Seikyo Shimbun : Awalnya Bapak A tie sendiri yang menjadi anggota Soka Gakkai, sekarang Batam pun muncul banyak pimpinan yang luar biasa. Bagaimana Bapak A tie melihat susunan Soka Gakkai di Batam sekarang?
Bapak A tie : Saya sangat salut dengan para pimpinan sekarang ini sangat sungguh hati berjuang untuk kosenrufu. Karena kerja keras mereka semua, sekarang ini Honbu Batam berkembang begitu luar biasa. Pada sekitar tahun 2001 saya mengundurkan dari jabatan ketua shibu Batam karena saya tidak bisa membaca dan menulis bahasa Indonesia. Segala kegiatan saya tidak paham karena menggunakan bahasa Indonesia dan saya bukanlah orang yang pintar, jadi saya minta tolong digantikan ke pimpinan lain yang lebih bisa menangani Soka Gakkai di Batam, saya hanya punya hati dan impian bagaimana Soka Gakkai bisa terbentuk di Batam. pimpinan senior pun menyetujuinya dan sejak saat itu jabatan ketua shibu batam digantikan oleh Bapak Trisno Cuandra. Saat mundur saya mengatakan mau jadi anggota saja, tetapi pimpinan senior mengatakan saya jadi penasehat Honbu Batam sampai sekarang.
Seikyo Shimbun : Menurut Pak A tie, Bagaimana sosok Ikeda Sensei ?
Bapak A tie : Saya selalu mendapatkan dorongan semangat dari Ikeda Sensei. Walaupun tidak pernah bertatap muka, bimbingan Ikeda Sensei saya selalu ukir dalam hati. Beliau sosok yang sangat luar biasa. Ada dua bimbingan dari Ikeda Sensei yang selalu saya tanam dalam hati saya.
Apa arti kekalahan dalam hidup?
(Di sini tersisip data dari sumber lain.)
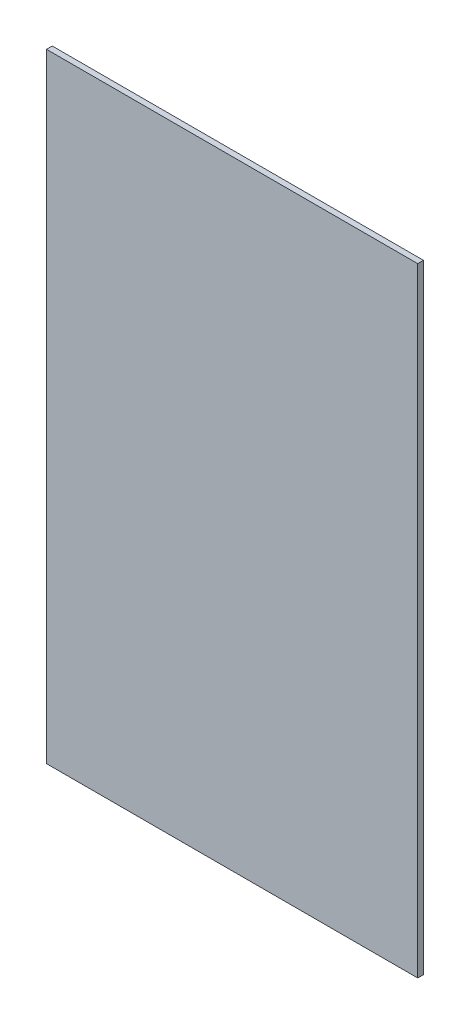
ISO-10303-21;
HEADER;
FILE_DESCRIPTION(('STEP AP214'),'2;1');
FILE_NAME('part.step','',(''),(''),'','','');
FILE_SCHEMA(('AUTOMOTIVE_DESIGN { 1 0 10303 214 1 1 1 1 }'));
ENDSEC;
DATA;
#1=APPLICATION_CONTEXT('core data for automotive mechanical design processes');
#2=APPLICATION_PROTOCOL_DEFINITION('international standard','automotive_design',2000,#1);
#3=PRODUCT_CONTEXT('',#1,'mechanical');
#4=PRODUCT('Part','Part','',(#3));
#5=PRODUCT_RELATED_PRODUCT_CATEGORY('part','',(#4));
#6=PRODUCT_DEFINITION_FORMATION('','',#4);
#7=PRODUCT_DEFINITION_CONTEXT('part definition',#1,'design');
#8=PRODUCT_DEFINITION('design','',#6,#7);
#9=PRODUCT_DEFINITION_SHAPE('','',#8);
#10=(LENGTH_UNIT() NAMED_UNIT(*) SI_UNIT(.MILLI.,.METRE.));
#11=(NAMED_UNIT(*) PLANE_ANGLE_UNIT() SI_UNIT($,.RADIAN.));
#12=(NAMED_UNIT(*) SI_UNIT($,.STERADIAN.) SOLID_ANGLE_UNIT());
#13=UNCERTAINTY_MEASURE_WITH_UNIT(LENGTH_MEASURE(1.E-05),#10,'distance_accuracy_value','');
#14=(GEOMETRIC_REPRESENTATION_CONTEXT(3) GLOBAL_UNCERTAINTY_ASSIGNED_CONTEXT((#13)) GLOBAL_UNIT_ASSIGNED_CONTEXT((#10,
#11,#12)) REPRESENTATION_CONTEXT('',''));
#15=CARTESIAN_POINT('',(0.,0.,0.));
#16=DIRECTION('',(0.,0.,1.));
#17=DIRECTION('',(1.,0.,0.));
#18=AXIS2_PLACEMENT_3D('',#15,#16,#17);
#19=CARTESIAN_POINT('',(76.2,-127.,2.3622));
#20=DIRECTION('',(-1.,0.,0.));
#21=DIRECTION('',(0.,0.,1.));
#22=AXIS2_PLACEMENT_3D('',#19,#20,#21);
#23=PLANE('',#22);
#24=DIRECTION('',(0.,1.,0.));
#25=VECTOR('',#24,1.);
#26=CARTESIAN_POINT('',(76.2,-127.,0.));
#27=LINE('',#26,#25);
#28=CARTESIAN_POINT('',(76.2,-127.,0.));
#29=VERTEX_POINT('',#28);
#30=CARTESIAN_POINT('',(76.2,127.,0.));
#31=VERTEX_POINT('',#30);
#32=EDGE_CURVE('E104',#29,#31,#27,.T.);
#33=ORIENTED_EDGE('',*,*,#32,.T.);
#34=DIRECTION('',(0.,0.,-1.));
#35=VECTOR('',#34,1.);
#36=CARTESIAN_POINT('',(76.2,127.,2.3622));
#37=LINE('',#36,#35);
#38=CARTESIAN_POINT('',(76.2,127.,2.3622));
#39=VERTEX_POINT('',#38);
#40=EDGE_CURVE('E11',#39,#31,#37,.T.);
#41=ORIENTED_EDGE('',*,*,#40,.F.);
#42=DIRECTION('',(0.,1.,0.));
#43=VECTOR('',#42,1.);
#44=CARTESIAN_POINT('',(76.2,-127.,2.3622));
#45=LINE('',#44,#43);
#46=CARTESIAN_POINT('',(76.2,-127.,2.3622));
#47=VERTEX_POINT('',#46);
#48=EDGE_CURVE('E91',#47,#39,#45,.T.);
#49=ORIENTED_EDGE('',*,*,#48,.F.);
#50=DIRECTION('',(0.,0.,-1.));
#51=VECTOR('',#50,1.);
#52=CARTESIAN_POINT('',(76.2,-127.,2.3622));
#53=LINE('',#52,#51);
#54=EDGE_CURVE('E100',#47,#29,#53,.T.);
#55=ORIENTED_EDGE('',*,*,#54,.T.);
#56=EDGE_LOOP('',(#33,#41,#49,#55));
#57=FACE_BOUND('',#56,.T.);
#58=ADVANCED_FACE('F40',(#57),#23,.F.);
#59=CARTESIAN_POINT('',(-76.2,127.,2.3622));
#60=DIRECTION('',(0.,-1.,0.));
#61=DIRECTION('',(0.,0.,-1.));
#62=AXIS2_PLACEMENT_3D('',#59,#60,#61);
#63=PLANE('',#62);
#64=DIRECTION('',(-1.,0.,0.));
#65=VECTOR('',#64,1.);
#66=CARTESIAN_POINT('',(-76.2,127.,0.));
#67=LINE('',#66,#65);
#68=CARTESIAN_POINT('',(-76.2,127.,0.));
#69=VERTEX_POINT('',#68);
#70=EDGE_CURVE('E96',#31,#69,#67,.T.);
#71=ORIENTED_EDGE('',*,*,#70,.T.);
#72=DIRECTION('',(0.,0.,-1.));
#73=VECTOR('',#72,1.);
#74=CARTESIAN_POINT('',(-76.2,127.,2.3622));
#75=LINE('',#74,#73);
#76=CARTESIAN_POINT('',(-76.2,127.,2.3622));
#77=VERTEX_POINT('',#76);
#78=EDGE_CURVE('E48',#77,#69,#75,.T.);
#79=ORIENTED_EDGE('',*,*,#78,.F.);
#80=DIRECTION('',(-1.,0.,0.));
#81=VECTOR('',#80,1.);
#82=CARTESIAN_POINT('',(-76.2,127.,2.3622));
#83=LINE('',#82,#81);
#84=EDGE_CURVE('E86',#39,#77,#83,.T.);
#85=ORIENTED_EDGE('',*,*,#84,.F.);
#86=ORIENTED_EDGE('',*,*,#40,.T.);
#87=EDGE_LOOP('',(#71,#79,#85,#86));
#88=FACE_BOUND('',#87,.T.);
#89=ADVANCED_FACE('F95',(#88),#63,.F.);
#90=CARTESIAN_POINT('',(-76.2,-127.,2.3622));
#91=DIRECTION('',(1.,0.,0.));
#92=DIRECTION('',(0.,0.,-1.));
#93=AXIS2_PLACEMENT_3D('',#90,#91,#92);
#94=PLANE('',#93);
#95=DIRECTION('',(0.,-1.,0.));
#96=VECTOR('',#95,1.);
#97=CARTESIAN_POINT('',(-76.2,-127.,0.));
#98=LINE('',#97,#96);
#99=CARTESIAN_POINT('',(-76.2,-127.,0.));
#100=VERTEX_POINT('',#99);
#101=EDGE_CURVE('E73',#69,#100,#98,.T.);
#102=ORIENTED_EDGE('',*,*,#101,.T.);
#103=DIRECTION('',(0.,0.,-1.));
#104=VECTOR('',#103,1.);
#105=CARTESIAN_POINT('',(-76.2,-127.,2.3622));
#106=LINE('',#105,#104);
#107=CARTESIAN_POINT('',(-76.2,-127.,2.3622));
#108=VERTEX_POINT('',#107);
#109=EDGE_CURVE('E97',#108,#100,#106,.T.);
#110=ORIENTED_EDGE('',*,*,#109,.F.);
#111=DIRECTION('',(0.,-1.,0.));
#112=VECTOR('',#111,1.);
#113=CARTESIAN_POINT('',(-76.2,-127.,2.3622));
#114=LINE('',#113,#112);
#115=EDGE_CURVE('E89',#77,#108,#114,.T.);
#116=ORIENTED_EDGE('',*,*,#115,.F.);
#117=ORIENTED_EDGE('',*,*,#78,.T.);
#118=EDGE_LOOP('',(#102,#110,#116,#117));
#119=FACE_BOUND('',#118,.T.);
#120=ADVANCED_FACE('F98',(#119),#94,.F.);
#121=CARTESIAN_POINT('',(-76.2,-127.,2.3622));
#122=DIRECTION('',(0.,1.,0.));
#123=DIRECTION('',(0.,0.,1.));
#124=AXIS2_PLACEMENT_3D('',#121,#122,#123);
#125=PLANE('',#124);
#126=DIRECTION('',(1.,0.,0.));
#127=VECTOR('',#126,1.);
#128=CARTESIAN_POINT('',(-76.2,-127.,0.));
#129=LINE('',#128,#127);
#130=EDGE_CURVE('E79',#100,#29,#129,.T.);
#131=ORIENTED_EDGE('',*,*,#130,.T.);
#132=ORIENTED_EDGE('',*,*,#54,.F.);
#133=DIRECTION('',(1.,0.,0.));
#134=VECTOR('',#133,1.);
#135=CARTESIAN_POINT('',(-76.2,-127.,2.3622));
#136=LINE('',#135,#134);
#137=EDGE_CURVE('E56',#108,#47,#136,.T.);
#138=ORIENTED_EDGE('',*,*,#137,.F.);
#139=ORIENTED_EDGE('',*,*,#109,.T.);
#140=EDGE_LOOP('',(#131,#132,#138,#139));
#141=FACE_BOUND('',#140,.T.);
#142=ADVANCED_FACE('F113',(#141),#125,.F.);
#143=CARTESIAN_POINT('',(0.,0.,2.3622));
#144=DIRECTION('',(0.,0.,-1.));
#145=DIRECTION('',(-1.,0.,0.));
#146=AXIS2_PLACEMENT_3D('',#143,#144,#145);
#147=PLANE('',#146);
#148=ORIENTED_EDGE('',*,*,#48,.T.);
#149=ORIENTED_EDGE('',*,*,#84,.T.);
#150=ORIENTED_EDGE('',*,*,#115,.T.);
#151=ORIENTED_EDGE('',*,*,#137,.T.);
#152=EDGE_LOOP('',(#148,#149,#150,#151));
#153=FACE_BOUND('',#152,.T.);
#154=ADVANCED_FACE('F87',(#153),#147,.F.);
#155=CARTESIAN_POINT('',(0.,0.,0.));
#156=DIRECTION('',(0.,0.,-1.));
#157=DIRECTION('',(-1.,0.,0.));
#158=AXIS2_PLACEMENT_3D('',#155,#156,#157);
#159=PLANE('',#158);
#160=ORIENTED_EDGE('',*,*,#32,.F.);
#161=ORIENTED_EDGE('',*,*,#130,.F.);
#162=ORIENTED_EDGE('',*,*,#101,.F.);
#163=ORIENTED_EDGE('',*,*,#70,.F.);
#164=EDGE_LOOP('',(#160,#161,#162,#163));
#165=FACE_BOUND('',#164,.T.);
#166=ADVANCED_FACE('F116',(#165),#159,.T.);
#167=CLOSED_SHELL('',(#58,#89,#120,#142,#154,#166));
#168=MANIFOLD_SOLID_BREP('B2',#167);
#169=ADVANCED_BREP_SHAPE_REPRESENTATION('',(#18,#168),#14);
#170=SHAPE_DEFINITION_REPRESENTATION(#9,#169);
ENDSEC;
END-ISO-10303-21;
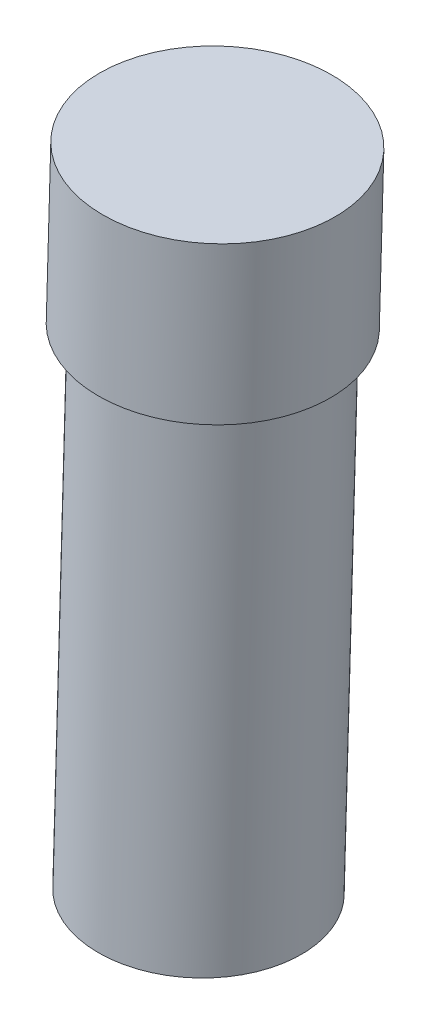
from build123d import *


with BuildPart() as part:
    # Esquisse1 → R_volution1 (revolve)
    with BuildSketch(Plane(origin=(0, 0, -134.221294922), x_dir=(-1, 0, 0), z_dir=(0, 0, -1)), mode=Mode.PRIVATE) as r_volution1_sk:
        Polygon((216.514306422, -43.297656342), (223.511408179, -43.096243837), (222.229314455, 1.443891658), (214.232626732, 1.213705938), (214.543520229, -9.586782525), (215.543106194, -9.55800931), align=None)
    revolve(r_volution1_sk.sketch.rotate(Axis((-223.517201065, -43.297489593, -134.221294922), (0.0287732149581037, 0.9995859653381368, 0)), 180), axis=Axis((-223.517201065, -43.297489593, -134.221294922), (0.0287732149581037, 0.9995859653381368, 0)))


solid = part.part
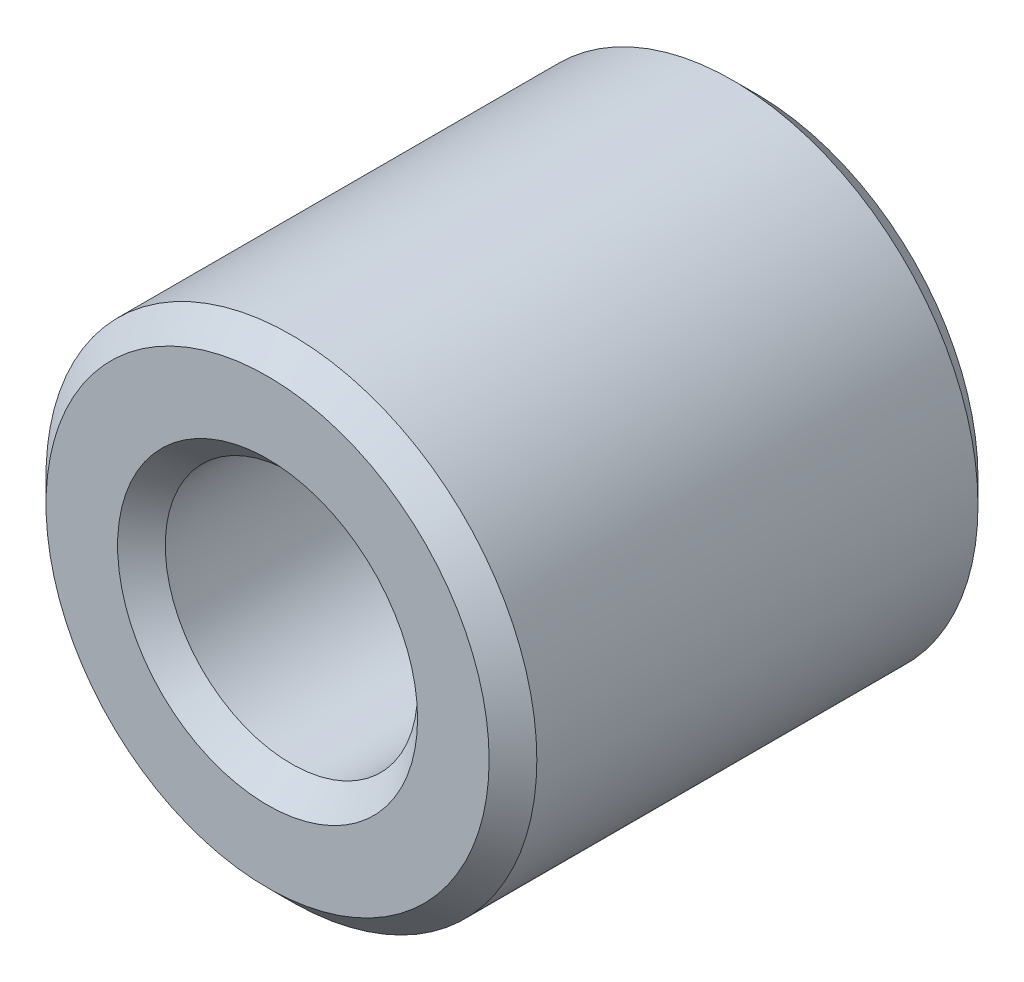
ISO-10303-21;
HEADER;
FILE_DESCRIPTION(('STEP AP214'),'2;1');
FILE_NAME('part.step','',(''),(''),'','','');
FILE_SCHEMA(('AUTOMOTIVE_DESIGN { 1 0 10303 214 1 1 1 1 }'));
ENDSEC;
DATA;
#1=APPLICATION_CONTEXT('core data for automotive mechanical design processes');
#2=APPLICATION_PROTOCOL_DEFINITION('international standard','automotive_design',2000,#1);
#3=PRODUCT_CONTEXT('',#1,'mechanical');
#4=PRODUCT('Part','Part','',(#3));
#5=PRODUCT_RELATED_PRODUCT_CATEGORY('part','',(#4));
#6=PRODUCT_DEFINITION_FORMATION('','',#4);
#7=PRODUCT_DEFINITION_CONTEXT('part definition',#1,'design');
#8=PRODUCT_DEFINITION('design','',#6,#7);
#9=PRODUCT_DEFINITION_SHAPE('','',#8);
#10=(LENGTH_UNIT() NAMED_UNIT(*) SI_UNIT(.MILLI.,.METRE.));
#11=(NAMED_UNIT(*) PLANE_ANGLE_UNIT() SI_UNIT($,.RADIAN.));
#12=(NAMED_UNIT(*) SI_UNIT($,.STERADIAN.) SOLID_ANGLE_UNIT());
#13=UNCERTAINTY_MEASURE_WITH_UNIT(LENGTH_MEASURE(1.E-05),#10,'distance_accuracy_value','');
#14=(GEOMETRIC_REPRESENTATION_CONTEXT(3) GLOBAL_UNCERTAINTY_ASSIGNED_CONTEXT((#13)) GLOBAL_UNIT_ASSIGNED_CONTEXT((#10,
#11,#12)) REPRESENTATION_CONTEXT('',''));
#15=CARTESIAN_POINT('',(0.,0.,0.));
#16=DIRECTION('',(0.,0.,1.));
#17=DIRECTION('',(1.,0.,0.));
#18=AXIS2_PLACEMENT_3D('',#15,#16,#17);
#19=CARTESIAN_POINT('',(0.,0.,3.175));
#20=DIRECTION('',(0.,0.,1.));
#21=DIRECTION('',(1.,0.,0.));
#22=AXIS2_PLACEMENT_3D('',#19,#20,#21);
#23=PLANE('',#22);
#24=CARTESIAN_POINT('',(0.,0.,3.175));
#25=DIRECTION('',(0.,0.,1.));
#26=DIRECTION('',(1.,0.,0.));
#27=AXIS2_PLACEMENT_3D('',#24,#25,#26);
#28=CIRCLE('',#27,1.94818);
#29=CARTESIAN_POINT('',(1.94818,0.,3.175));
#30=VERTEX_POINT('',#29);
#31=EDGE_CURVE('E10',#30,#30,#28,.F.);
#32=ORIENTED_EDGE('',*,*,#31,.T.);
#33=EDGE_LOOP('',(#32));
#34=FACE_BOUND('',#33,.T.);
#35=CARTESIAN_POINT('',(0.,0.,3.175));
#36=DIRECTION('',(0.,0.,1.));
#37=DIRECTION('',(1.,0.,0.));
#38=AXIS2_PLACEMENT_3D('',#35,#36,#37);
#39=CIRCLE('',#38,2.87782);
#40=CARTESIAN_POINT('',(2.87782,0.,3.175));
#41=VERTEX_POINT('',#40);
#42=EDGE_CURVE('E47',#41,#41,#39,.T.);
#43=ORIENTED_EDGE('',*,*,#42,.T.);
#44=EDGE_LOOP('',(#43));
#45=FACE_BOUND('',#44,.T.);
#46=ADVANCED_FACE('F39',(#34,#45),#23,.T.);
#47=CARTESIAN_POINT('',(0.,0.,-3.175));
#48=DIRECTION('',(0.,0.,1.));
#49=DIRECTION('',(1.,0.,0.));
#50=AXIS2_PLACEMENT_3D('',#47,#48,#49);
#51=PLANE('',#50);
#52=CARTESIAN_POINT('',(0.,0.,-3.175));
#53=DIRECTION('',(0.,0.,1.));
#54=DIRECTION('',(1.,0.,0.));
#55=AXIS2_PLACEMENT_3D('',#52,#53,#54);
#56=CIRCLE('',#55,1.94818);
#57=CARTESIAN_POINT('',(1.94818,0.,-3.175));
#58=VERTEX_POINT('',#57);
#59=EDGE_CURVE('E73',#58,#58,#56,.T.);
#60=ORIENTED_EDGE('',*,*,#59,.T.);
#61=EDGE_LOOP('',(#60));
#62=FACE_BOUND('',#61,.T.);
#63=CARTESIAN_POINT('',(0.,0.,-3.175));
#64=DIRECTION('',(0.,0.,1.));
#65=DIRECTION('',(1.,0.,0.));
#66=AXIS2_PLACEMENT_3D('',#63,#64,#65);
#67=CIRCLE('',#66,2.87782);
#68=CARTESIAN_POINT('',(2.87782,0.,-3.175));
#69=VERTEX_POINT('',#68);
#70=EDGE_CURVE('E77',#69,#69,#67,.F.);
#71=ORIENTED_EDGE('',*,*,#70,.T.);
#72=EDGE_LOOP('',(#71));
#73=FACE_BOUND('',#72,.T.);
#74=ADVANCED_FACE('F83',(#62,#73),#51,.F.);
#75=CARTESIAN_POINT('',(0.,0.,3.175));
#76=DIRECTION('',(0.,0.,-1.));
#77=DIRECTION('',(-1.,0.,0.));
#78=AXIS2_PLACEMENT_3D('',#75,#76,#77);
#79=CYLINDRICAL_SURFACE('',#78,3.1877);
#80=CARTESIAN_POINT('',(0.,0.,-2.86512));
#81=DIRECTION('',(0.,0.,1.));
#82=DIRECTION('',(1.,0.,0.));
#83=AXIS2_PLACEMENT_3D('',#80,#81,#82);
#84=CIRCLE('',#83,3.1877);
#85=CARTESIAN_POINT('',(3.1877,0.,-2.86512));
#86=VERTEX_POINT('',#85);
#87=EDGE_CURVE('E53',#86,#86,#84,.T.);
#88=ORIENTED_EDGE('',*,*,#87,.T.);
#89=EDGE_LOOP('',(#88));
#90=FACE_BOUND('',#89,.T.);
#91=CARTESIAN_POINT('',(0.,0.,2.86512));
#92=DIRECTION('',(0.,0.,1.));
#93=DIRECTION('',(1.,0.,0.));
#94=AXIS2_PLACEMENT_3D('',#91,#92,#93);
#95=CIRCLE('',#94,3.1877);
#96=CARTESIAN_POINT('',(3.1877,0.,2.86512));
#97=VERTEX_POINT('',#96);
#98=EDGE_CURVE('E59',#97,#97,#95,.F.);
#99=ORIENTED_EDGE('',*,*,#98,.T.);
#100=EDGE_LOOP('',(#99));
#101=FACE_BOUND('',#100,.T.);
#102=ADVANCED_FACE('F93',(#90,#101),#79,.T.);
#103=CARTESIAN_POINT('',(0.,0.,3.175));
#104=DIRECTION('',(0.,0.,-1.));
#105=DIRECTION('',(-1.,0.,0.));
#106=AXIS2_PLACEMENT_3D('',#103,#104,#105);
#107=CYLINDRICAL_SURFACE('',#106,1.6383);
#108=CARTESIAN_POINT('',(0.,0.,-2.86512));
#109=DIRECTION('',(0.,0.,1.));
#110=DIRECTION('',(1.,0.,0.));
#111=AXIS2_PLACEMENT_3D('',#108,#109,#110);
#112=CIRCLE('',#111,1.6383);
#113=CARTESIAN_POINT('',(1.6383,0.,-2.86512));
#114=VERTEX_POINT('',#113);
#115=EDGE_CURVE('E65',#114,#114,#112,.F.);
#116=ORIENTED_EDGE('',*,*,#115,.T.);
#117=EDGE_LOOP('',(#116));
#118=FACE_BOUND('',#117,.T.);
#119=CARTESIAN_POINT('',(0.,0.,2.86512));
#120=DIRECTION('',(0.,0.,1.));
#121=DIRECTION('',(1.,0.,0.));
#122=AXIS2_PLACEMENT_3D('',#119,#120,#121);
#123=CIRCLE('',#122,1.6383);
#124=CARTESIAN_POINT('',(1.6383,0.,2.86512));
#125=VERTEX_POINT('',#124);
#126=EDGE_CURVE('E69',#125,#125,#123,.T.);
#127=ORIENTED_EDGE('',*,*,#126,.T.);
#128=EDGE_LOOP('',(#127));
#129=FACE_BOUND('',#128,.T.);
#130=ADVANCED_FACE('F96',(#118,#129),#107,.F.);
#131=CARTESIAN_POINT('',(0.,0.,-3.175));
#132=DIRECTION('',(0.,0.,-1.));
#133=DIRECTION('',(-1.,0.,0.));
#134=AXIS2_PLACEMENT_3D('',#131,#132,#133);
#135=CONICAL_SURFACE('',#134,1.94818,0.785398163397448);
#136=ORIENTED_EDGE('',*,*,#115,.F.);
#137=EDGE_LOOP('',(#136));
#138=FACE_BOUND('',#137,.T.);
#139=ORIENTED_EDGE('',*,*,#59,.F.);
#140=EDGE_LOOP('',(#139));
#141=FACE_BOUND('',#140,.T.);
#142=ADVANCED_FACE('F89',(#138,#141),#135,.F.);
#143=CARTESIAN_POINT('',(0.,0.,-2.86512));
#144=DIRECTION('',(0.,0.,1.));
#145=DIRECTION('',(1.,0.,0.));
#146=AXIS2_PLACEMENT_3D('',#143,#144,#145);
#147=CONICAL_SURFACE('',#146,3.1877,0.78539816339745);
#148=ORIENTED_EDGE('',*,*,#70,.F.);
#149=EDGE_LOOP('',(#148));
#150=FACE_BOUND('',#149,.T.);
#151=ORIENTED_EDGE('',*,*,#87,.F.);
#152=EDGE_LOOP('',(#151));
#153=FACE_BOUND('',#152,.T.);
#154=ADVANCED_FACE('F85',(#150,#153),#147,.T.);
#155=CARTESIAN_POINT('',(0.,0.,2.86512));
#156=DIRECTION('',(0.,0.,1.));
#157=DIRECTION('',(1.,0.,0.));
#158=AXIS2_PLACEMENT_3D('',#155,#156,#157);
#159=CONICAL_SURFACE('',#158,1.6383,0.785398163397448);
#160=ORIENTED_EDGE('',*,*,#31,.F.);
#161=EDGE_LOOP('',(#160));
#162=FACE_BOUND('',#161,.T.);
#163=ORIENTED_EDGE('',*,*,#126,.F.);
#164=EDGE_LOOP('',(#163));
#165=FACE_BOUND('',#164,.T.);
#166=ADVANCED_FACE('F88',(#162,#165),#159,.F.);
#167=CARTESIAN_POINT('',(0.,0.,3.175));
#168=DIRECTION('',(0.,0.,-1.));
#169=DIRECTION('',(-1.,0.,0.));
#170=AXIS2_PLACEMENT_3D('',#167,#168,#169);
#171=CONICAL_SURFACE('',#170,2.87782,0.785398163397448);
#172=ORIENTED_EDGE('',*,*,#98,.F.);
#173=EDGE_LOOP('',(#172));
#174=FACE_BOUND('',#173,.T.);
#175=ORIENTED_EDGE('',*,*,#42,.F.);
#176=EDGE_LOOP('',(#175));
#177=FACE_BOUND('',#176,.T.);
#178=ADVANCED_FACE('F41',(#174,#177),#171,.T.);
#179=CLOSED_SHELL('',(#46,#74,#102,#130,#142,#154,#166,#178));
#180=MANIFOLD_SOLID_BREP('B2',#179);
#181=ADVANCED_BREP_SHAPE_REPRESENTATION('',(#18,#180),#14);
#182=SHAPE_DEFINITION_REPRESENTATION(#9,#181);
ENDSEC;
END-ISO-10303-21;

Membuat kesalahan bukanlah kekalahan; Kekalahan berarti menyerah pada diri sendiri di tengah-tengah kesulitan.
Seikyo Shimbun : Apa cita-cita Bapak untuk Soka Gakkai Indonesia sekarang ini ?
Bapak A tie: Impian terbesar untuk Soka Gakkai Indonesia adalah seluruh anggota bisa selalu sehat agar bisa terus berjuang mengembangkan susunan Soka Gakkai di Indonesia.